Ask HN: If startups are good gamble, why isn't seed capital easily available? - brainless
Background:<p><pre><code>  * Seed is a gamble, but the return on one unicorn makes the losses on others vanish
  * People with money are always looking for bets to invest on, same with companies with extra cash
  * As a failed entrepreneur and software engineer it is easy for me to get a good job
</code></pre>
Problem:<p><pre><code>  * I can not sell just an idea well enough, I am not a good salesman
  * Moonlighting is hard
  * I can not finish an MVP along with day job
  * Without a seed, I am really finding it hard to work full time on my idea
</code></pre>
Companies are happy to hire me (usually with 6 months probation) and see if they get ROI on their money (my salary). It would be a lot more motivating for myself if I could work on something I want to solve. Sure just software does not sell itself, but we all have to start somewhere.<p>So if I am worth someone else&#x27;s money to try on their company and perhaps be not worth it, then it should be easier for me to just apply and get a 6 months paycheck to work on something I am intrinsically motivated about, right?
======
erik998
I think it's not always a good gamble. Sometimes what they initially gamble on
transforms into something they would not expect or consider as an investment.
For the few success stories we hear, we never hear of the countless failures.
The idea of most startups achieving some successful status is a faulty
generalization. You are cherry picking the successful startups and
generalizing based on survivorship bias.

This happens to all of us and it is hard to truly reflect on what makes a
successful startup. If there was a recipe we would hear of many successes,
frankly investments would stop elsewhere and just concentrate on startups, if
that was the case.

Whenever I hear of crazy returns, I try to reflect on the fact that if it was
common, why wouldn't those who make such crazy returns not just borrow more
money and wash, rinse, repeat. I think there is a point were those making such
returns realize the success was due to mere chance or some other combination
of timing, investment, people that could not exist again. There is also a
point where you have to wonder why those making such great returns do not keep
trying to do the same. There must be a level where crazy profits/returns would
allow some self sustaining regenerative business. I think that level does not
exist. When investors do think such a level exists, they are usually being
swindled.

------
brudgers
I think there are several connotations to 'startup' in play here. One
connotation is that a 'startup' is the sort of company that is attractive to
angel/venture capital another connotation is a 'startup' is more or less any
new company.

The first connotation is a bit circular, but it has the feature that startups
are companies that _might_ have some plausible avenue to becoming a unicorn.
Some sort of new software as a service (SSSAAS) might be a startup under this
connotation but a new Chartered Accountancy firm most likely not (even if
people in Topeka, Kansas will refer to the new Chartered Accountancy firm as a
'startup').

Angel/Seed/Venture capital doesn't make money by funding SSSAAS startups (in
the second connotation) at random. It bets on the SSSAAS's that seem most
likely to become unicorns. Angel/Seed/Venture capital looks at staff and track
record and the business model: the one that is easiest to change is business
model and another name for business model is idea because from the point of
view of capital, a SSSAAS isn't a technology it is a business.

------
Gustomaximus
Your assumption is 1) You currently return an ROI to a company plus 2)
motivation/interest makes you a good bet. 3) You alone make a complete
business.

These dont have to combine in that way. Points;

1) there can be significant dead weight in larger salaried roles. Salary
existing doesn't always equate positive ROI. And someone one can be very good
employee in a structured enviroment and not in a more open startup enviroment.

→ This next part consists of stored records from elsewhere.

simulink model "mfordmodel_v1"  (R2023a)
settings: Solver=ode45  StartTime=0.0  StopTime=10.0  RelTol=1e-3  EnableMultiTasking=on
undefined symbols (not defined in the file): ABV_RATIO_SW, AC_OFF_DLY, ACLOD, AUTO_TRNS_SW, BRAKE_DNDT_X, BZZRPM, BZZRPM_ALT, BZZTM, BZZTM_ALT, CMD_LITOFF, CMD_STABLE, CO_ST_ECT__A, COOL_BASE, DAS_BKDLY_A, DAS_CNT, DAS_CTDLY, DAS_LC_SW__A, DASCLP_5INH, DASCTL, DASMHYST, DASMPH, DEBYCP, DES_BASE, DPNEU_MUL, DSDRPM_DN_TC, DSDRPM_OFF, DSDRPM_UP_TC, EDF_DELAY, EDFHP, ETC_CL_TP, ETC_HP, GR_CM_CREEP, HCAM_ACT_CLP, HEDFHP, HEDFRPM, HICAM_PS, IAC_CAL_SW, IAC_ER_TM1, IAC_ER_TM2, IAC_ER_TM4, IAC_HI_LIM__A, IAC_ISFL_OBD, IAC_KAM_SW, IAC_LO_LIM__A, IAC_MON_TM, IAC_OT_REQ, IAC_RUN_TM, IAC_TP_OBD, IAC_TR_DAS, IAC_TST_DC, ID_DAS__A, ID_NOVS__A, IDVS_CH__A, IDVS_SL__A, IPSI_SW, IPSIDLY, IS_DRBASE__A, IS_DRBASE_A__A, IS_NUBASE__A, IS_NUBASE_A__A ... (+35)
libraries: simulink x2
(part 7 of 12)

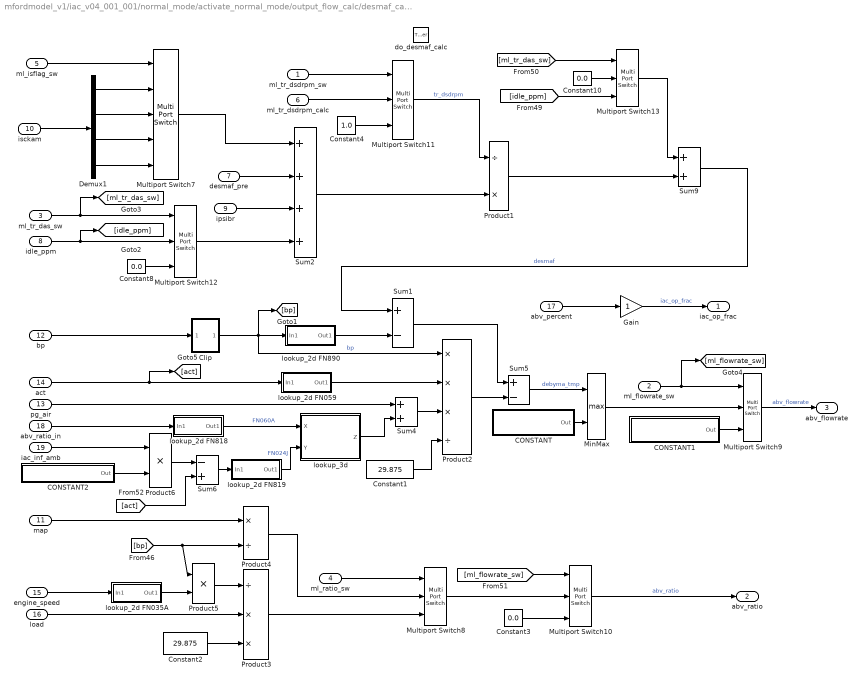
== system mfordmodel_v1/iac_v04_001_001/normal_mode/activate_normal_mode/output_flow_calc/desmaf_calc ==
  ml_tr_dsdrpm_sw : Inport
  ml_flowrate_sw : Inport  Port=2
  ml_tr_das_sw : Inport  Port=3
  ml_ratio_sw : Inport  Port=4
  ml_isflag_sw : Inport  Port=5
  ml_tr_dsdrpm_calc : Inport  Port=6
  desmaf_pre : Inport  Port=7
  idle_ppm : Inport  Port=8
  ipsibr : Inport  Port=9
  isckam : Inport  Port=10
  map : Inport  Port=11
  bp : Inport  Port=12
  pg_air : Inport  Port=13
  act : Inport  Port=14
  engine_speed : Inport  Port=15
  load : Inport  Port=16
  abv_percent : Inport  Port=17
  abv_ratio_in : Inport  Port=18
  iac_inf_amb : Inport  Port=19
  do_desmaf_calc : TriggerPort  TriggerType=function-call  VariantControl=(inherit)
  CONSTANT : Subsystem  mask(Constant){constant=DEBYCP}
      mask help: Constant Block. Will dispaly constant name and value on the icon of the block
      mask init:
      | if isletter(constant(1))
      |   const = evalin('base',constant);
      |   name = constant;
      | else
      |   const = str2num(constant);
      |   name = 'CONST';
      | end;
      mask Display: fprintf('%s = %.4f',name,const);
  CONSTANT1 : Subsystem  mask(Constant){constant=IAC_FM_PPM}
      mask help: Constant Block. Will dispaly constant name and value on the icon of the block
      mask init:
      | if isletter(constant(1))
      |   const = evalin('base',constant);
      |   name = constant;
      | else
      |   const = str2num(constant);
      |   name = 'CONST';
      | end;
      mask Display: fprintf('%s = %.4f',name,const);
  CONSTANT2 : Subsystem  mask(Constant){constant=LK_AMB_FRAC}
      mask help: Constant Block. Will dispaly constant name and value on the icon of the block
      mask init:
      | if isletter(constant(1))
      |   const = evalin('base',constant);
      |   name = constant;
      | else
      |   const = str2num(constant);
      |   name = 'CONST';
      | end;
      mask Display: fprintf('%s = %.4f',name,const);
  Clip : Subsystem  mask(Clip){max=40, min=.1, labels=on}
      mask prompts: max "Upper Limit"; min "Lower Limit"; labels "Show clip values"
      mask help:
      | Limits input signal to the upper and lower saturation
      | values.
      mask init:
      | if (labels == 1)
      |   up_label = num2str(max, '%5.3g');
      |   low_label = num2str(min, '%5.3g');
      | else
      |   up_label = ' ';
      |   low_label = ' ';
      | end
      mask Help:
      | Upper limit  -  The upper bound on the input signal.  While the signal is above this value, the block output is set to this value.
      | 
      | Lower limit  -  The lower bound on the input signal.  While the signal is below this value, the block output is set to this value.
      | 
      | Show clip values  -  If the box is checked, clip values are displayed in the icon box.
      mask Display:
      | plot( [0.1 0.3 0.7 0.9], [0.2 0.2 0.8 0.8])
      | text(0.2, 0.05, low_label)
      | text(0.7, 0.95, up_label)
  Constant1 : Constant  Value=29.875
  Constant10 : Constant  Value=0.0
  Constant2 : Constant  Value=29.875
  Constant3 : Constant  Value=0.0
  Constant4 : Constant  Value=1.0
  Constant8 : Constant  Value=0.0
  Demux1 : Demux
      settings: DisplayOption=none
  Gain : Gain  SaturateOnIntegerOverflow=on  OutDataTypeStr=Inherit: Same as input  ParamDataTypeStr=Inherit: Same as input
  MinMax : MinMax  Function=max  Inputs=2  InputSameDT=on  SaturateOnIntegerOverflow=on
  Multiport Switch{8..13} (6 alike) : MultiPortSwitch  Inputs=2
  Multiport Switch7 : MultiPortSwitch  Inputs=4
  Product1 : Product  Inputs=/*  InputSameDT=on  RndMeth=Zero  SaturateOnIntegerOverflow=on  OutDataTypeStr=Inherit: Same as first input
  Product2 : Product  Inputs=***/  InputSameDT=on  RndMeth=Zero  SaturateOnIntegerOverflow=on  OutDataTypeStr=Inherit: Same as first input
  Product3 : Product  Inputs=/**  InputSameDT=on  RndMeth=Zero  SaturateOnIntegerOverflow=on  OutDataTypeStr=Inherit: Same as first input
  Product4 : Product  Inputs=*/  InputSameDT=on  RndMeth=Zero  SaturateOnIntegerOverflow=on  OutDataTypeStr=Inherit: Same as first input
  Product5 : Product  Inputs=**  InputSameDT=on  RndMeth=Zero  SaturateOnIntegerOverflow=on  OutDataTypeStr=Inherit: Same as first input
  Product6 : Product  Inputs=**  InputSameDT=on  RndMeth=Zero  SaturateOnIntegerOverflow=on  OutDataTypeStr=Inherit: Same as first input
  Sum1 : Sum  Inputs=+-  InputSameDT=on  SaturateOnIntegerOverflow=on  OutDataTypeStr=Inherit: Same as first input
  Sum2 : Sum  Inputs=++++  InputSameDT=on  SaturateOnIntegerOverflow=on  OutDataTypeStr=Inherit: Same as first input
  Sum4 : Sum  InputSameDT=on  SaturateOnIntegerOverflow=on  OutDataTypeStr=Inherit: Same as first input
  Sum5 : Sum  Inputs=+-  InputSameDT=on  SaturateOnIntegerOverflow=on  OutDataTypeStr=Inherit: Same as first input
  Sum6 : Sum  Inputs=-+  InputSameDT=on  SaturateOnIntegerOverflow=on  OutDataTypeStr=Inherit: Same as first input
  Sum9 : Sum  InputSameDT=on  SaturateOnIntegerOverflow=on  OutDataTypeStr=Inherit: Same as first input
  lookup_2d FN035A : Subsystem  mask(2-D, piece-wise, linear interpolation){CAL_FUNC=FN035A}
      mask prompts: CAL_FUNC "Calibration function name"
      mask help:
      | Performs piece-wise linear interpolation.
      |
      | Output is NOT extrapolated beyond the input range.  If the input value presented to the block lies outside the range specified in the block's parameter, then the value is treated as though it has the value of the nearest value in the range.
      mask init: same as mfordmodel_v1/iac_v04_001_001/activate_desired_rpm/rpm_calcs/lookup_2d
      mask Help:
      | Enter the name of the calibration function.
      | (e.g. EGM_VA_ECT_MULT)
      mask Display:
      | fprintf('%s',CAL_FUNC);
      | plot(calfunc.X,calfunc.Y,max_x*1.05,max_y*1.05,min_x,min_y);
  lookup_2d FN059 : Subsystem  mask(2-D, piece-wise, linear interpolation){CAL_FUNC=FN059}
      mask prompts: CAL_FUNC "Calibration function name"
      mask help:
      | Performs piece-wise linear interpolation.
      |
      | Output is NOT extrapolated beyond the input range.  If the input value presented to the block lies outside the range specified in the block's parameter, then the value is treated as though it has the value of the nearest value in the range.
      mask init: same as mfordmodel_v1/iac_v04_001_001/activate_desired_rpm/rpm_calcs/lookup_2d
      mask Help:
      | Enter the name of the calibration function.
      | (e.g. EGM_VA_ECT_MULT)
      mask Display:
      | fprintf('%s',CAL_FUNC);
      | plot(calfunc.X,calfunc.Y,max_x*1.05,max_y*1.05,min_x,min_y);
  lookup_2d FN818 : Subsystem  mask(2-D, piece-wise, linear interpolation){CAL_FUNC=FN060A}
      mask prompts: CAL_FUNC "Calibration function name"
      mask help:
      | Performs piece-wise linear interpolation.
      |
      | Output is NOT extrapolated beyond the input range.  If the input value presented to the block lies outside the range specified in the block's parameter, then the value is treated as though it has the value of the nearest value in the range.
      mask init: same as mfordmodel_v1/iac_v04_001_001/activate_desired_rpm/rpm_calcs/lookup_2d
      mask Help:
      | Enter the name of the calibration function.
      | (e.g. EGM_VA_ECT_MULT)
      mask Display:
      | fprintf('%s',CAL_FUNC);
      | plot(calfunc.X,calfunc.Y,max_x*1.05,max_y*1.05,min_x,min_y);
  lookup_2d FN819 : Subsystem  mask(2-D, piece-wise, linear interpolation){CAL_FUNC=FN024J}
      mask prompts: CAL_FUNC "Calibration function name"
      mask help:
      | Performs piece-wise linear interpolation.
      |
      | Output is NOT extrapolated beyond the input range.  If the input value presented to the block lies outside the range specified in the block's parameter, then the value is treated as though it has the value of the nearest value in the range.
      mask init: same as mfordmodel_v1/iac_v04_001_001/activate_desired_rpm/rpm_calcs/lookup_2d
      mask Help:
      | Enter the name of the calibration function.
      | (e.g. EGM_VA_ECT_MULT)
      mask Display:
      | fprintf('%s',CAL_FUNC);
      | plot(calfunc.X,calfunc.Y,max_x*1.05,max_y*1.05,min_x,min_y);
  lookup_2d FN890 : Subsystem  mask(2-D, piece-wise, linear interpolation){CAL_FUNC=FN890}
      mask prompts: CAL_FUNC "Calibration function name"
      mask help:
      | Performs piece-wise linear interpolation.
      |
      | Output is NOT extrapolated beyond the input range.  If the input value presented to the block lies outside the range specified in the block's parameter, then the value is treated as though it has the value of the nearest value in the range.
      mask init: same as mfordmodel_v1/iac_v04_001_001/activate_desired_rpm/rpm_calcs/lookup_2d
      mask Help:
      | Enter the name of the calibration function.
      | (e.g. EGM_VA_ECT_MULT)
      mask Display:
      | fprintf('%s',CAL_FUNC);
      | plot(calfunc.X,calfunc.Y,max_x*1.05,max_y*1.05,min_x,min_y);
  lookup_3d : Subsystem  mask(3-D, piece-wise, linear interpolation){CAL_TABLE=FN8180}
      mask prompts: CAL_TABLE "Calibration table name"
      mask help:
      | Performs 3-D, piece-wise linear interpolation.
      |
      | Output is NOT extrapolated beyond the input ranges.  If an input value presented to the block lies outside the range specified in the block's parameters, then the value is treated as though it has the value of the nearest value in the range.
      mask init: same as mfordmodel_v1/iac_v04_001_001/normal_mode/activate_feedforward/desmaf_pre_calc/FN1862AD
      mask Help: Enter the name of the calibration table.
      mask Display:
      | fprintf('%s',CAL_TABLE);
      | plot(caltable.Z');
      | plot([min_x max_x],[minz*.99 minz*.99]);
      | plot([min_x min_x],[minz*.99 maxz*1.01]);
  iac_op_frac : Outport
  abv_ratio : Outport  Port=2
  abv_flowrate : Outport  Port=3
  wires:
  Multiport Switch7/1 -> Sum2/1
  Demux1/1 -> Multiport Switch7/2
  Demux1/2 -> Multiport Switch7/3
  Demux1/3 -> Multiport Switch7/4
  Demux1/4 -> Multiport Switch7/5
  ml_isflag_sw/1 -> Multiport Switch7/1
  isckam/1 -> Demux1/1
  Constant8/1 -> Multiport Switch12/3
  desmaf_pre/1 -> Sum2/2
  Multiport Switch11/1 -> Product1/1  "tr_dsdrpm"
  Sum2/1 -> Product1/2
  ipsibr/1 -> Sum2/3
  Multiport Switch13/1 -> Sum9/1
  Product1/1 -> Sum9/2
  Multiport Switch12/1 -> Sum2/4
  Constant10/1 -> Multiport Switch13/2
  [idle_ppm] -> Multiport Switch13/3
  Constant4/1 -> Multiport Switch11/3
  ml_tr_dsdrpm_sw/1 -> Multiport Switch11/1
  ml_tr_dsdrpm_calc/1 -> Multiport Switch11/2
  [ml_tr_das_sw] -> Multiport Switch13/1
  ml_tr_das_sw/1 -> Multiport Switch12/1, [ml_tr_das_sw]
  idle_ppm/1 -> [idle_ppm], Multiport Switch12/2
  ml_ratio_sw/1 -> Multiport Switch8/1
  Product4/1 -> Multiport Switch8/2
  Product3/1 -> Multiport Switch8/3
  Multiport Switch8/1 -> Multiport Switch10/2
  [ml_flowrate_sw] -> Multiport Switch10/1
  Constant3/1 -> Multiport Switch10/3
  map/1 -> Product4/1
  Product5/1 -> Product3/1
  [bp] -> Product4/2, Product5/1
  load/1 -> Product3/2
  engine_speed/1 -> lookup_2d FN035A/1(In1)
  Constant2/1 -> Product3/3
  lookup_2d FN035A/1(Out1) -> Product5/2
  Multiport Switch10/1 -> abv_ratio/1  "abv_ratio"
  MinMax/1 -> Multiport Switch9/2
  CONSTANT1/1(Out) -> Multiport Switch9/3
  Multiport Switch9/1 -> abv_flowrate/1  "abv_flowrate"
  Sum5/1 -> MinMax/1  "debyma_tmp"
  CONSTANT/1(Out) -> MinMax/2
  Product2/1 -> Sum5/2
  Sum1/1 -> Sum5/1
  lookup_2d FN890/1(Out1) -> Sum1/2
  Constant1/1 -> Product2/4
  Sum9/1 -> Sum1/1  "desmaf"
  ml_flowrate_sw/1 -> Multiport Switch9/1, [ml_flowrate_sw]
  Sum4/1 -> Product2/3
  pg_air/1 -> Sum4/1
  lookup_2d FN059/1(Out1) -> Product2/2
  bp/1 -> Clip/1(In1)
  Clip/1(Out1) -> [bp], Product2/1, lookup_2d FN890/1(In1)  "bp"
  abv_ratio_in/1 -> lookup_2d FN818/1(In1)
  lookup_3d/1(Z) -> Sum4/2
  lookup_2d FN818/1(Out1) -> lookup_3d/1(X)  "FN060A"
  act/1 -> lookup_2d FN059/1(In1), [act]
  iac_inf_amb/1 -> Product6/1
  Product6/1 -> Sum6/1
  [act] -> Sum6/2
  Sum6/1 -> lookup_2d FN819/1(In1)
  lookup_2d FN819/1(Out1) -> lookup_3d/2(Y)  "FN024J"
  Gain/1 -> iac_op_frac/1  "iac_op_frac"
  abv_percent/1 -> Gain/1
  CONSTANT2/1(Out) -> Product6/2

== system mfordmodel_v1/iac_v04_001_001/normal_mode/activate_normal_mode/output_flow_calc/tr_dsdrpm_calc ==
  tr_abs : Inport
  tr_res : Inport  Port=2
  do_tr_dsdrpm_calc : TriggerPort  TriggerType=function-call  VariantControl=(inherit)
  Sum1 : Sum  Inputs=+-  InputSameDT=on  SaturateOnIntegerOverflow=on  OutDataTypeStr=Inherit: Same as first input
  ml_tr_dsdrpm_calc : Outport  InitialOutput=0
  wires:
  tr_abs/1 -> Sum1/1
  Sum1/1 -> ml_tr_dsdrpm_calc/1  "ml_tr_dsdrpm_calc"
  tr_res/1 -> Sum1/2

== system mfordmodel_v1/iac_v04_001_001/normal_mode/iscflg_module/das_min_clip/functions ==
  n_ratch : Inport
  dasl_min_clp : Inport  Port=2
  iac_dlt_time : Inport  Port=3
  dsdrpm : Inport  Port=4
  do_functions : TriggerPort  TriggerType=function-call  VariantControl=(inherit)
  ROLAV_TC_DT_in1 : Subsystem  mask(Rolling Average - Time Constant){TAU=TC_DAS_CLPUC}
      mask prompts: TAU "Time Constant"
      mask help: Rolling Average - Time Constant. This filter block is the first order approximation using a time constant. Inputs include the time constant (entered through this dialogue), old_ave which is the previous average value, new_value which is the new filter to filter toward, and the delta_time which is elapsed time over which to perform the filter equation.
      mask init:
      | if isletter(TAU(1))
      |   tc = evalin('base',TAU);
      |   name = TAU;
      | else
      |   tc = str2num(TAU);
      |   name = 'TC';
      | end;
      mask Display: fprintf('%s = %.4f',name,tc);
  ROLAV_TC_DT_in2 : Subsystem  mask(Rolling Average - Time Constant){TAU=TC_DAS_CLPLC}
      mask prompts: TAU "Time Constant"
      mask help: Rolling Average - Time Constant. This filter block is the first order approximation using a time constant. Inputs include the time constant (entered through this dialogue), old_ave which is the previous average value, new_value which is the new filter to filter toward, and the delta_time which is elapsed time over which to perform the filter equation.
      mask init:
      | if isletter(TAU(1))
      |   tc = evalin('base',TAU);
      |   name = TAU;
      | else
      |   tc = str2num(TAU);
      |   name = 'TC';
      | end;
      mask Display: fprintf('%s = %.4f',name,tc);
  ROLAV_TC_DT_in3 : Subsystem  mask(Rolling Average - Time Constant){TAU=TC_DAS_CLPUC}
      mask prompts: TAU "Time Constant"
      mask help: Rolling Average - Time Constant. This filter block is the first order approximation using a time constant. Inputs include the time constant (entered through this dialogue), old_ave which is the previous average value, new_value which is the new filter to filter toward, and the delta_time which is elapsed time over which to perform the filter equation.
      mask init:
      | if isletter(TAU(1))
      |   tc = evalin('base',TAU);
      |   name = TAU;
      | else
      |   tc = str2num(TAU);
      |   name = 'TC';
      | end;
      mask Display: fprintf('%s = %.4f',name,tc);
  ROLAV_TC_DT_in4 : Subsystem  mask(Rolling Average - Time Constant){TAU=TC_DAS_CLPLC}
      mask prompts: TAU "Time Constant"
      mask help: Rolling Average - Time Constant. This filter block is the first order approximation using a time constant. Inputs include the time constant (entered through this dialogue), old_ave which is the previous average value, new_value which is the new filter to filter toward, and the delta_time which is elapsed time over which to perform the filter equation.
      mask init:
      | if isletter(TAU(1))
      |   tc = evalin('base',TAU);
      |   name = TAU;
      | else
      |   tc = str2num(TAU);
      |   name = 'TC';
      | end;
      mask Display: fprintf('%s = %.4f',name,tc);
  Sum2 : Sum  Inputs=-+  InputSameDT=on  SaturateOnIntegerOverflow=on  OutDataTypeStr=Inherit: Same as first input
  lookup_2d3 : Subsystem  mask(2-D, piece-wise, linear interpolation){CAL_FUNC=FN894}
      mask prompts: CAL_FUNC "Calibration function name"
      mask help:
      | Performs piece-wise linear interpolation.
      |
      | Output is NOT extrapolated beyond the input range.  If the input value presented to the block lies outside the range specified in the block's parameter, then the value is treated as though it has the value of the nearest value in the range.
      mask init: same as mfordmodel_v1/iac_v04_001_001/activate_desired_rpm/rpm_calcs/lookup_2d
      mask Help:
      | Enter the name of the calibration function.
      | (e.g. EGM_VA_ECT_MULT)
      mask Display:
      | fprintf('%s',CAL_FUNC);
      | plot(calfunc.X,calfunc.Y,max_x*1.05,max_y*1.05,min_x,min_y);
  lookup_2d6 : Subsystem  mask(2-D, piece-wise, linear interpolation){CAL_FUNC=FN894LLC}
      mask prompts: CAL_FUNC "Calibration function name"
      mask help:
      | Performs piece-wise linear interpolation.
      |
      | Output is NOT extrapolated beyond the input range.  If the input value presented to the block lies outside the range specified in the block's parameter, then the value is treated as though it has the value of the nearest value in the range.
      mask init: same as mfordmodel_v1/iac_v04_001_001/activate_desired_rpm/rpm_calcs/lookup_2d
      mask Help:
      | Enter the name of the calibration function.
      | (e.g. EGM_VA_ECT_MULT)
      mask Display:
      | fprintf('%s',CAL_FUNC);
      | plot(calfunc.X,calfunc.Y,max_x*1.05,max_y*1.05,min_x,min_y);
  lookup_2d7 : Subsystem  mask(2-D, piece-wise, linear interpolation){CAL_FUNC=FN894HLC}
      mask prompts: CAL_FUNC "Calibration function name"
      mask help:
      | Performs piece-wise linear interpolation.
      |
      | Output is NOT extrapolated beyond the input range.  If the input value presented to the block lies outside the range specified in the block's parameter, then the value is treated as though it has the value of the nearest value in the range.
      mask init: same as mfordmodel_v1/iac_v04_001_001/activate_desired_rpm/rpm_calcs/lookup_2d
      mask Help:
      | Enter the name of the calibration function.
      | (e.g. EGM_VA_ECT_MULT)
      mask Display:
      | fprintf('%s',CAL_FUNC);
      | plot(calfunc.X,calfunc.Y,max_x*1.05,max_y*1.05,min_x,min_y);
  lookup_2d8 : Subsystem  mask(2-D, piece-wise, linear interpolation){CAL_FUNC=FN894L}
      mask prompts: CAL_FUNC "Calibration function name"
      mask help:
      | Performs piece-wise linear interpolation.
      |
      | Output is NOT extrapolated beyond the input range.  If the input value presented to the block lies outside the range specified in the block's parameter, then the value is treated as though it has the value of the nearest value in the range.
      mask init: same as mfordmodel_v1/iac_v04_001_001/activate_desired_rpm/rpm_calcs/lookup_2d
      mask Help:
      | Enter the name of the calibration function.
      | (e.g. EGM_VA_ECT_MULT)
      mask Display:
      | fprintf('%s',CAL_FUNC);
      | plot(calfunc.X,calfunc.Y,max_x*1.05,max_y*1.05,min_x,min_y);
  lookup_2d9 : Subsystem  mask(2-D, piece-wise, linear interpolation){CAL_FUNC=FN894H}
      mask prompts: CAL_FUNC "Calibration function name"
      mask help:
      | Performs piece-wise linear interpolation.
      |
      | Output is NOT extrapolated beyond the input range.  If the input value presented to the block lies outside the range specified in the block's parameter, then the value is treated as though it has the value of the nearest value in the range.
      mask init: same as mfordmodel_v1/iac_v04_001_001/activate_desired_rpm/rpm_calcs/lookup_2d
      mask Help:
      | Enter the name of the calibration function.
      | (e.g. EGM_VA_ECT_MULT)
      mask Display:
      | fprintf('%s',CAL_FUNC);
      | plot(calfunc.X,calfunc.Y,max_x*1.05,max_y*1.05,min_x,min_y);
  ml_rolav_hlc : Outport
  ml_rolav_llc : Outport  Port=2
  ml_rolav_l : Outport  Port=3
  ml_rolav_h : Outport  Port=4
  ml_fn894 : Outport  Port=5
  ml_fn894l : Outport  Port=6
  ml_fn894h : Outport  Port=7
  ml_fn894llc : Outport  Port=8
  ml_fn894hlc : Outport  Port=9
  wires:
  ROLAV_TC_DT_in3/1(new_ave) -> ml_rolav_h/1  "ml_rolav_h"
  [fn894h] -> ROLAV_TC_DT_in3/1(new_value)
  lookup_2d7/1(Out1) -> [fn894hlc], ml_fn894hlc/1  "ml_fn894hlc"
  lookup_2d9/1(Out1) -> [fn894h], ml_fn894h/1  "ml_fn894h"
  ROLAV_TC_DT_in2/1(new_ave) -> ml_rolav_hlc/1  "ml_rolav_hlc"
  [fn894hlc] -> ROLAV_TC_DT_in2/1(new_value)
  iac_dlt_time/1 -> ROLAV_TC_DT_in3/3(delta_time), ROLAV_TC_DT_in2/3(delta_time), ROLAV_TC_DT_in1/3(delta_time), ROLAV_TC_DT_in4/3(delta_time)
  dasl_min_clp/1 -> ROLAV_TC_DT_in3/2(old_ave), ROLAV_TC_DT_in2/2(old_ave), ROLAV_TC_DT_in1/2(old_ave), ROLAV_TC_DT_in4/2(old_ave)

2) motivation doesn't equate success, sometimes the opposite as people pursue
the interesting vs the economically realistic.

3) As a salaried person you come as a team. You alone are likely to be missing
required parts for a functioning business, kinda like buying tires and
wondering why the car doesn't run.

------
z3t4
it doest matter if you can make water into gold. investors are more picky then
that. yet only 1/10 of their investment give returns.